In individuals with PTSD, the issue of medical and psychiatric comorbidities must be taken into account when developing treatments. Careful monitoring of physical health, depression, and substance use throughout the course of treatment is necessary to assess the impact the intervention has on comorbidities. Once an empirically supported brief PTSD intervention is developed, the next step would be to develop brief treatments that focus on simultaneously treating common comorbidities. In relation to comorbidities, there are many specific problems that individuals with PTSD often struggle with such as, impaired sleep, anger, and relationship problems. These areas are also important specific targets for primary care-based treatment. Often addressing these concerns first may prepare patients to engage in PTSD-focused treatment whether it is in primary or specialty care.

One overarching recommendation is that a variety of treatments need to be developed in order to match treatments to patients’ needs and preferences. Some patients will prefer self-guided and internet-based treatment, while others will want face-to-face contact with a therapist. Individuals with PTSD may feel ready for intensive verbal imaginal exposure work, while others may prefer to use cognitive restructuring or behavioral activation. Still others may be open to alternative exposure strategies, such as those implemented in ACT. With the large amount of research that needs to be accomplished it is vital that full-time researchers, as well as, scientist–practitioners get involved in treatment development and testing. Many primary care psychologists have developed interventions to treat PTSD. Describing these “treatment as usual” approaches well and gathering pre- and post-treatment symptom data (similar to Corso et al., 2009) is an excellent step to establishing empirically supported primary care-based PTSD treatments.

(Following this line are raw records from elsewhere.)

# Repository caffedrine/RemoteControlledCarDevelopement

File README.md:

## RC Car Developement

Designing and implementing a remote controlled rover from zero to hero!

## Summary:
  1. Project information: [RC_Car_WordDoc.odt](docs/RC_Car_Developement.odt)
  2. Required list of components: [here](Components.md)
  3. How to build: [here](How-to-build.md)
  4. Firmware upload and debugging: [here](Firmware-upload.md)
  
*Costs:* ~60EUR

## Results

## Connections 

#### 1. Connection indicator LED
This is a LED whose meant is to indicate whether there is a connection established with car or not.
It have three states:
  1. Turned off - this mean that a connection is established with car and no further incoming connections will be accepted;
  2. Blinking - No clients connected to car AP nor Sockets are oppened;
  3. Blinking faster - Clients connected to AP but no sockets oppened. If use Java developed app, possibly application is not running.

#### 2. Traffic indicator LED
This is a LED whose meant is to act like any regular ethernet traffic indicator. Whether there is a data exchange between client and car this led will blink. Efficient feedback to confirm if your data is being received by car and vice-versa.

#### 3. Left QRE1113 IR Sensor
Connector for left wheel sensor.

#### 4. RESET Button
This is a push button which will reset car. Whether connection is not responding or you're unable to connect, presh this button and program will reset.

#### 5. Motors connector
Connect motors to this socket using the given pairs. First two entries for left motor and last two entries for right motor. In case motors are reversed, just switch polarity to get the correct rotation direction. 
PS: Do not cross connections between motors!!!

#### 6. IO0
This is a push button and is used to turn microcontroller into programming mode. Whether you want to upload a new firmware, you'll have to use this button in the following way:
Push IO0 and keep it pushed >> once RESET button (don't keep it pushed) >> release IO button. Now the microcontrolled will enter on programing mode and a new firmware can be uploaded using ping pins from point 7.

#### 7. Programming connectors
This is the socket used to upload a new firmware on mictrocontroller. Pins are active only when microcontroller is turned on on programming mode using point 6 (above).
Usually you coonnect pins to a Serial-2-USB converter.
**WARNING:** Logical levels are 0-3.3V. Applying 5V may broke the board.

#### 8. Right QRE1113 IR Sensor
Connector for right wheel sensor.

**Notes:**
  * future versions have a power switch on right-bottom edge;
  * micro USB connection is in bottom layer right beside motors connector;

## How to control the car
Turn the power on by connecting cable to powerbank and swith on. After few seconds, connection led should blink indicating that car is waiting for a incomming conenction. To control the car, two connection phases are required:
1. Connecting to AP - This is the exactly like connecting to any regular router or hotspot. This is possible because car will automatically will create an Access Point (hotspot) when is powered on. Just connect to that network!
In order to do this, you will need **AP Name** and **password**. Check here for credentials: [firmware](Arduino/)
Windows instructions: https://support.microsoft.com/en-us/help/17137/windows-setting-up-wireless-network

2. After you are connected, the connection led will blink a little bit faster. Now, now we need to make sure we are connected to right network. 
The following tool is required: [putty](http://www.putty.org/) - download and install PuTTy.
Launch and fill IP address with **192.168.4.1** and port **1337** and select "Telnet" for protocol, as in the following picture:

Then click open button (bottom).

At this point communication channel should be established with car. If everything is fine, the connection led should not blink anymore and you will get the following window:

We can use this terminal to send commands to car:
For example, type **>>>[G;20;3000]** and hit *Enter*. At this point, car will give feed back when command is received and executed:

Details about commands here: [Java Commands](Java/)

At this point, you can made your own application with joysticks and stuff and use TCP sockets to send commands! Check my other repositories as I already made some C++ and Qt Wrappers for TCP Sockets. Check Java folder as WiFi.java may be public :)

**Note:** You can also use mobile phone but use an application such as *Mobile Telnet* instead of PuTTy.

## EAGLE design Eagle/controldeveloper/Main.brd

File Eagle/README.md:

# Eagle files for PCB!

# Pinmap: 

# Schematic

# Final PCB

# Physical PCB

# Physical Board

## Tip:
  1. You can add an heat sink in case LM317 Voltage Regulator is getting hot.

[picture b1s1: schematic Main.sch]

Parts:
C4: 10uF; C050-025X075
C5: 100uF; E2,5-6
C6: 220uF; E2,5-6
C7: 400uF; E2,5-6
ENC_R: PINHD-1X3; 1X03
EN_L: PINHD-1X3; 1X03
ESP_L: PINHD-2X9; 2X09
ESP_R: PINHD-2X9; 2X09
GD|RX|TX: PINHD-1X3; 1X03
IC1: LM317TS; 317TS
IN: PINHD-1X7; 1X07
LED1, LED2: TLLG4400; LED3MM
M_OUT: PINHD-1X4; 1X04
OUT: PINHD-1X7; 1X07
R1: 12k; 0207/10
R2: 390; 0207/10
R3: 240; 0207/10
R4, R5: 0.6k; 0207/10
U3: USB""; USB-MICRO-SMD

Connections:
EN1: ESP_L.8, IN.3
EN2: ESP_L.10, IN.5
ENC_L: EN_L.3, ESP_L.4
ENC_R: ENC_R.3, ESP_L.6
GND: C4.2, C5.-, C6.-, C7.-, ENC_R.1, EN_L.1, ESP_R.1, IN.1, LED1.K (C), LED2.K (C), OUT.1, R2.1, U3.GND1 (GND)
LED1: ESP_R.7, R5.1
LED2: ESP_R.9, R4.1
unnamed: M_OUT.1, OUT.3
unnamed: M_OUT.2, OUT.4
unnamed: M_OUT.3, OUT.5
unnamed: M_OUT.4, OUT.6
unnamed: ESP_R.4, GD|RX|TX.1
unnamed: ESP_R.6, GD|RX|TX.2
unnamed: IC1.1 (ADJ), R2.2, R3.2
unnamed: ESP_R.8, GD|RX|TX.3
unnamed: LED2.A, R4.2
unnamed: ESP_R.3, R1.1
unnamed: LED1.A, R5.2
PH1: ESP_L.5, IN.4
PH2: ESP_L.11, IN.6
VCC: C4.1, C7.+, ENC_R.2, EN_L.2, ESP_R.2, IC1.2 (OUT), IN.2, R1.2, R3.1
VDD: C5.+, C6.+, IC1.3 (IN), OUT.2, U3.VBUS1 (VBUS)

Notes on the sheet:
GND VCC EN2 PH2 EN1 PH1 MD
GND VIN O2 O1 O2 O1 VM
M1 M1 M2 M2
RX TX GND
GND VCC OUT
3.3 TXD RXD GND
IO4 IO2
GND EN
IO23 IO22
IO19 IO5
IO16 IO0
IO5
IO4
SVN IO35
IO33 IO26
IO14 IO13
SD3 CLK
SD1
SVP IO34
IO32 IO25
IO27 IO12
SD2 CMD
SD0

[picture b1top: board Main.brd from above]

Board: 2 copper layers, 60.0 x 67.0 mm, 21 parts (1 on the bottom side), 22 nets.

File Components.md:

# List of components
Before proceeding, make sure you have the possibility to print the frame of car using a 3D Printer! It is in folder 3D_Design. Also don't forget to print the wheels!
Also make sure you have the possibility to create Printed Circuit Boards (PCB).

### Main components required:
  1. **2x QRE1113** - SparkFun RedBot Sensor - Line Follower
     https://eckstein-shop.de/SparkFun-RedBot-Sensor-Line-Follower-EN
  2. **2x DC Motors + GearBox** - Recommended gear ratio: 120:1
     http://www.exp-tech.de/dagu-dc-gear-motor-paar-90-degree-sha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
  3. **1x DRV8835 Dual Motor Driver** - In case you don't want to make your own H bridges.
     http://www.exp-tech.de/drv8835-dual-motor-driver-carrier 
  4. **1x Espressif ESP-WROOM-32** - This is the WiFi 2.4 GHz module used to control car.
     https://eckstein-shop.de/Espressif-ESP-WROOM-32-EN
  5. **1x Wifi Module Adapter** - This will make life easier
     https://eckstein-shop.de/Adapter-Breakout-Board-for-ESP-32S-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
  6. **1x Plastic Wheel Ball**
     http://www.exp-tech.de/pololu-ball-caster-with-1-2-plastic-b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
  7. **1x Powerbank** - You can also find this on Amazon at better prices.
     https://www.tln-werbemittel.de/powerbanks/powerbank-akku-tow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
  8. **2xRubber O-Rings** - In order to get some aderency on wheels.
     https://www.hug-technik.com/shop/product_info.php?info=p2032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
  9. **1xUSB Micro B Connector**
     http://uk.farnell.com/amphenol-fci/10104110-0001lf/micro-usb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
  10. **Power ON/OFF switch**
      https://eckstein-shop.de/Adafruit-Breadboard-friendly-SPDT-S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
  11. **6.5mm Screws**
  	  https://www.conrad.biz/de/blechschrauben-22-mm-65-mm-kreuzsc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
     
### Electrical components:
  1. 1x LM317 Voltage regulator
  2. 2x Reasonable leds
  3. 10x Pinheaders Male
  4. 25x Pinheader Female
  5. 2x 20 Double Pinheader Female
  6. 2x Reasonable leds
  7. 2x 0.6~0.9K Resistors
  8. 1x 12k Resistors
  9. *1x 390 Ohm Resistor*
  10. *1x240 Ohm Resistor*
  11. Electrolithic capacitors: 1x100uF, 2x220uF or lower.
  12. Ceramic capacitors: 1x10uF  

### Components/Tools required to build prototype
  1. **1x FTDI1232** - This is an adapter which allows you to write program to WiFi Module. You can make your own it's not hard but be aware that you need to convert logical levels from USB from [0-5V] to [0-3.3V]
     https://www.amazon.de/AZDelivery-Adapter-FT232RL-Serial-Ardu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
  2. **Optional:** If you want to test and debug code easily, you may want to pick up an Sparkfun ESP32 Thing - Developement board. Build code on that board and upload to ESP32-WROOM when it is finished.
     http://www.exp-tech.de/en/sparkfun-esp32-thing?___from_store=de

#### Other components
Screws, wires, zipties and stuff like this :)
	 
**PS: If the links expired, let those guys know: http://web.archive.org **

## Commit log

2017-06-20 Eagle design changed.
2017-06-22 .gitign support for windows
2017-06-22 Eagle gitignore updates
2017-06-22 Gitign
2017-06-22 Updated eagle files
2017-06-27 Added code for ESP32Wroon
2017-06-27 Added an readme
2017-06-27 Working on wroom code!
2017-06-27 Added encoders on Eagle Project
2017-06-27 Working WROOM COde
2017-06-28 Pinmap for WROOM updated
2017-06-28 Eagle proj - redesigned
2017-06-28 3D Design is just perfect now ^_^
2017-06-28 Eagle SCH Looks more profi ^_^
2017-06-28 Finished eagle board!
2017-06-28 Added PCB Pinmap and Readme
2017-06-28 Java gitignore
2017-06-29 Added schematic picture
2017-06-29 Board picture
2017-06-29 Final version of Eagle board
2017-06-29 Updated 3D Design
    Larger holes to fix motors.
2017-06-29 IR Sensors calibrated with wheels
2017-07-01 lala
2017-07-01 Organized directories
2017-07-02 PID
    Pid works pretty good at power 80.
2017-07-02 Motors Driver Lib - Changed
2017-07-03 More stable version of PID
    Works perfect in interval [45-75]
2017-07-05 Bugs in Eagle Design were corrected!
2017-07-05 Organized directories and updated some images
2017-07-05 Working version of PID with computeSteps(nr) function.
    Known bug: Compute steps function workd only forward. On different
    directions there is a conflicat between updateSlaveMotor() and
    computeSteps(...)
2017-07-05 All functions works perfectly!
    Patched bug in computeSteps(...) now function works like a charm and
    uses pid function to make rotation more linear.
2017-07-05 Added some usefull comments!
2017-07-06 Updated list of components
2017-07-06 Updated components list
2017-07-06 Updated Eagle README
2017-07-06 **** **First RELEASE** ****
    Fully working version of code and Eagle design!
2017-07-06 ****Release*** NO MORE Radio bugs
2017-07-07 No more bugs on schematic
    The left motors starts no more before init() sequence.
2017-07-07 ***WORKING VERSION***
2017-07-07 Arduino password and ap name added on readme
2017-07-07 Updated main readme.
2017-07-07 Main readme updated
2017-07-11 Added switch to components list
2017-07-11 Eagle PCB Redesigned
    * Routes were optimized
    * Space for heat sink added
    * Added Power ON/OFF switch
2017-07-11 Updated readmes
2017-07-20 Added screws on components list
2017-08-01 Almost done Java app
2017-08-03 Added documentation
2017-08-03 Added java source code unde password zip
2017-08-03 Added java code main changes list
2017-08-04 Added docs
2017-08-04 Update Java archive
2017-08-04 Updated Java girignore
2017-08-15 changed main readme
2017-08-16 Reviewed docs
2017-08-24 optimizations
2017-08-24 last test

As can be seen in Tables 1 and 2, a variety of PTSD symptom measures are commonly used in intervention research. While clinical interviews, such as the CAPS and PSS offer the richest and most valid data, these can be impractical in real world research settings. Self-report measures that have been validated with primary care samples, such as the PCL, offer sound alternatives to clinical interviews. Researchers should avoid using measures that are not specific to PTSD symptoms (e.g., BSI) and those that do not measure all PTSD symptoms (e.g., IES). For the many interventions that found positive results with case studies and pilot studies, larger multisite randomized controlled trials are now needed to establish a strong evidence base. Many of the telehealth interventions still need to be tested with primary care patients and early interventions need to be investigated with primary care patients with chronic PTSD. Overall, results from this review are very promising. With increased research attention to establishing empirically supported primary care-based PTSD treatments, we could be helping significantly more primary care patients with PTSD within the next decade.